- [Work required] Copy, from the material below, each line that contains the word "Align".
=== Section Start ===
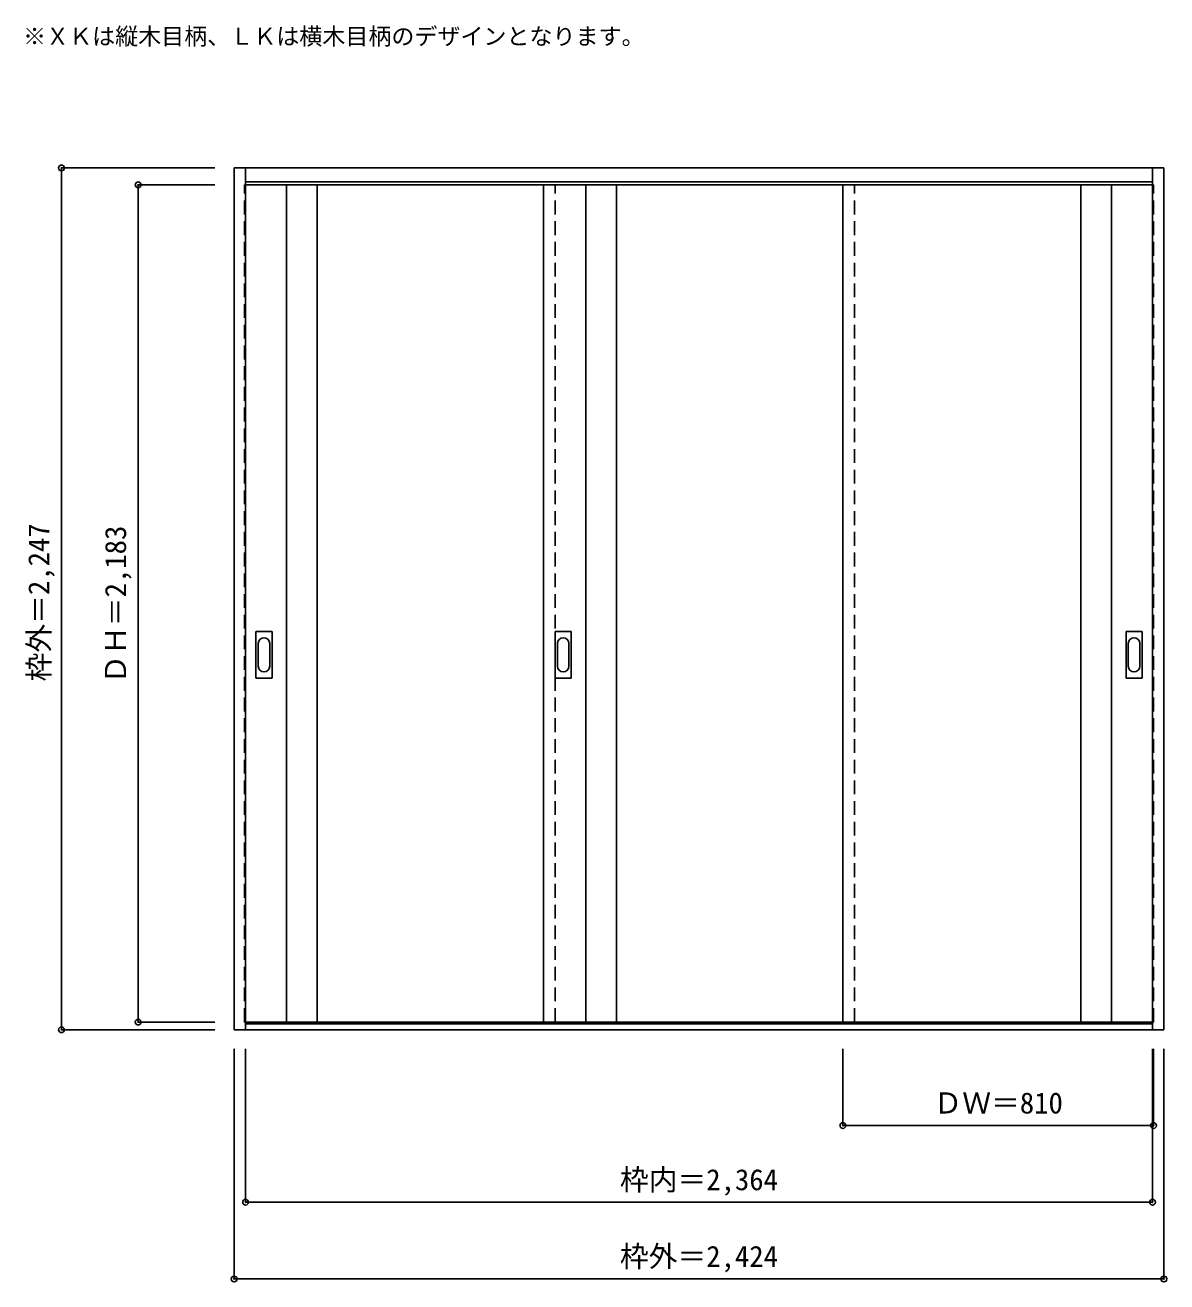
# Model space of a CAD drawing. Units: millimetres, scale not verified. Extents: x -1550 to 1426, y -1445 to 1832.
import ezdxf
from ezdxf.enums import TextEntityAlignment as Align

# ---------------------------------------------------------------- set-up
doc = ezdxf.new("R2010")
doc.units = ezdxf.units.MM
doc.header["$LTSCALE"] = 30
doc.header["$PDMODE"] = 32
doc.header["$PDSIZE"] = 15
doc.linetypes.add('DASHED1', pattern=[1.8, 1.2, -0.6])
for name, color, linetype in [('0-0', 3, 'Continuous'), ('0-1_寸法', 7, 'Continuous'), ('0-2_文字', 7, 'Continuous')]:
    doc.layers.add(name, color=color, linetype=linetype)
doc.styles.add('ＭＳ ゴシック', font='')
doc.styles.get('ＭＳ ゴシック').set_extended_font_data('MS Gothic')

msp = doc.modelspace()

# ---------------------------------------------------------------- linework, layer by layer
at = {"layer": '0-0'}
for p, q in [((-1005.51, 1459.24), (1418.49, 1459.24)), ((-1005.51, -787.76), (-1005.51, 1459.24)), ((-975.51, -787.76), (-975.51, 1459.24)), ((1388.49, -787.76), (1388.49, 1459.24)), ((1418.49, -787.76), (1418.49, 1459.24)), ((-975.51, 1423.24), (1388.49, 1423.24)), ((-975.51, 1415.24), (1388.49, 1415.24)), ((-868.51, -767.76), (-868.51, 1415.24)), ((-788.51, -767.76), (-788.51, 1415.24)), ((-198.51, 1415.24), (-198.51, -767.76)), ((-88.51, -767.76), (-88.51, 1415.24)), ((-8.51, -767.76), (-8.51, 1415.24)), ((581.49, -767.76), (581.49, 1415.24)), ((1201.49, -767.76), (1201.49, 1415.24)), ((1281.49, -767.76), (1281.49, 1415.24)), ((-948.51, 130.24), (-948.51, 249.24)), ((-908.01, 250.74), (-947.01, 250.74)), ((-906.51, 130.24), (-906.51, 249.24)), ((-168.51, 130.24), (-168.51, 249.24)), ((-128.01, 250.74), (-167.01, 250.74)), ((-126.51, 130.24), (-126.51, 249.24)), ((1319.49, 130.24), (1319.49, 249.24)), ((1359.99, 250.74), (1320.99, 250.74)), ((1361.49, 130.24), (1361.49, 249.24)), ((-947.01, 128.74), (-908.01, 128.74)), ((-167.01, 128.74), (-128.01, 128.74)), ((1320.99, 128.74), (1359.99, 128.74)), ((-975.51, -767.76), (1388.49, -767.76)), ((1388.49, -772.76), (-975.51, -772.76)), ((1418.49, -787.76), (-1005.51, -787.76))]:
    msp.add_line(p, q, dxfattribs=at)
at = {"layer": '0-0', "color": 4, "linetype": 'DASHED1'}
for p, q in [((-978.51, -767.76), (-978.51, 1415.24)), ((-978.51, 1415.24), (-975.51, 1415.24)), ((-168.51, -767.76), (-168.51, 1415.24)), ((611.49, -767.76), (611.49, 1415.24)), ((-975.51, -767.76), (-978.51, -767.76)), ((1388.49, -767.76), (1391.49, -767.76))]:
    msp.add_line(p, q, dxfattribs=at)
at = {"layer": '0-0', "color": 7}
for p, q in [((-942.51, 219.34), (-942.51, 160.14)), ((-912.51, 160.14), (-912.51, 219.34)), ((-162.51, 219.34), (-162.51, 160.14)), ((-132.51, 160.14), (-132.51, 219.34)), ((1325.49, 219.34), (1325.49, 160.14)), ((1355.49, 160.14), (1355.49, 219.34))]:
    msp.add_line(p, q, dxfattribs=at)
at = {"layer": '0-0', "color": 4, "linetype": 'DASHED1'}
msp.add_lwpolyline([(1391.49, -767.76), (1391.49, 1415.24), (1388.49, 1415.24)], dxfattribs=at)
at = {"layer": '0-0'}
for centre, start, end in [((-947.01, 249.24), 90, 180), ((-908.01, 249.24), 0, 90), ((-167.01, 249.24), 90, 180), ((-128.01, 249.24), 0, 90), ((1320.99, 249.24), 90, 180), ((1359.99, 249.24), 0, 90), ((-947.01, 130.24), 180, 270), ((-908.01, 130.24), 270, 0), ((-167.01, 130.24), 180, 270), ((-128.01, 130.24), 270, 0), ((1320.99, 130.24), 180, 270), ((1359.99, 130.24), 270, 0)]:
    msp.add_arc(centre, 1.5, start, end, dxfattribs=at)
at = {"layer": '0-0', "color": 7}
for centre, start, end in [((-927.51, 219.34), 0, 180), ((-147.51, 219.34), 0, 180), ((1340.49, 219.34), 0, 180), ((-927.51, 160.14), 180, 0), ((-147.51, 160.14), 180, 0), ((1340.49, 160.14), 180, 0)]:
    msp.add_arc(centre, 15, start, end, dxfattribs=at)
at = {"layer": '0-1_寸法', "color": 4}
for p, q in [((-1455.51, 1459.24), (-1055.51, 1459.24)), ((-1455.51, 1459.24), (-1455.51, -787.76)), ((-1255.51, 1415.24), (-1255.51, -767.76)), ((-1255.51, 1415.24), (-1055.51, 1415.24)), ((-1255.51, -767.76), (-1055.51, -767.76)), ((-1455.51, -787.76), (-1055.51, -787.76)), ((-1005.51, -1437.76), (-1005.51, -837.76)), ((-975.51, -1237.76), (-975.51, -837.76)), ((581.49, -1037.76), (581.49, -837.76)), ((1391.49, -1037.76), (1391.49, -837.76)), ((1391.49, -1037.76), (581.49, -1037.76))]:
    msp.add_line(p, q, dxfattribs=at)
for points in [[(-1005.51, -1437.76), (1418.49, -1437.76), (1418.49, -837.76)], [(-975.51, -1237.76), (1388.49, -1237.76), (1388.49, -837.76)]]:
    msp.add_lwpolyline(points, dxfattribs=at)
at = {"layer": '0-1_寸法'}
for p in [(-1455.51, 1459.24), (-1255.51, 1415.24), (-1455.51, -787.76), (-1255.51, -767.76), (581.49, -1037.76), (1391.49, -1037.76), (-975.51, -1237.76), (1388.49, -1237.76), (-1005.51, -1437.76), (1418.49, -1437.76)]:
    msp.add_point(p, dxfattribs=at)

# ---------------------------------------------------------------- texts
at = {"layer": '0-1_寸法', "style": 'ＭＳ ゴシック'}
for s, p in [('枠外＝2,247', (-1470.51, 120.49)), ('ＤＨ＝2,183', (-1270.51, 114.49))]:
    msp.add_text(s, height=54.99, rotation=90, dxfattribs=at).set_placement(p, align=Align.BOTTOM_LEFT)
for s, p in [('ＤＷ＝810', (817.74, -1022.76)), ('枠内＝2,364', (0.24, -1222.76)), ('枠外＝2,424', (0.24, -1422.76))]:
    msp.add_text(s, height=54.99, dxfattribs=at).set_placement(p, align=Align.BOTTOM_LEFT)
at = {"layer": '0-2_文字', "style": 'ＭＳ ゴシック'}
msp.add_text('※ＸＫは縦木目柄、ＬＫは横木目柄のデザインとなります。', height=43.99, dxfattribs=at).set_placement((-1555.51, 1767.36), align=Align.BOTTOM_LEFT)

doc.saveas('drawing.dxf')
=== Section End ===
- [Written response]
from ezdxf.enums import TextEntityAlignment as Align
    msp.add_text(s, height=54.99, rotation=90, dxfattribs=at).set_placement(p, align=Align.BOTTOM_LEFT)
    msp.add_text(s, height=54.99, dxfattribs=at).set_placement(p, align=Align.BOTTOM_LEFT)
msp.add_text('※ＸＫは縦木目柄、ＬＫは横木目柄のデザインとなります。', height=43.99, dxfattribs=at).set_placement((-1555.51, 1767.36), align=Align.BOTTOM_LEFT)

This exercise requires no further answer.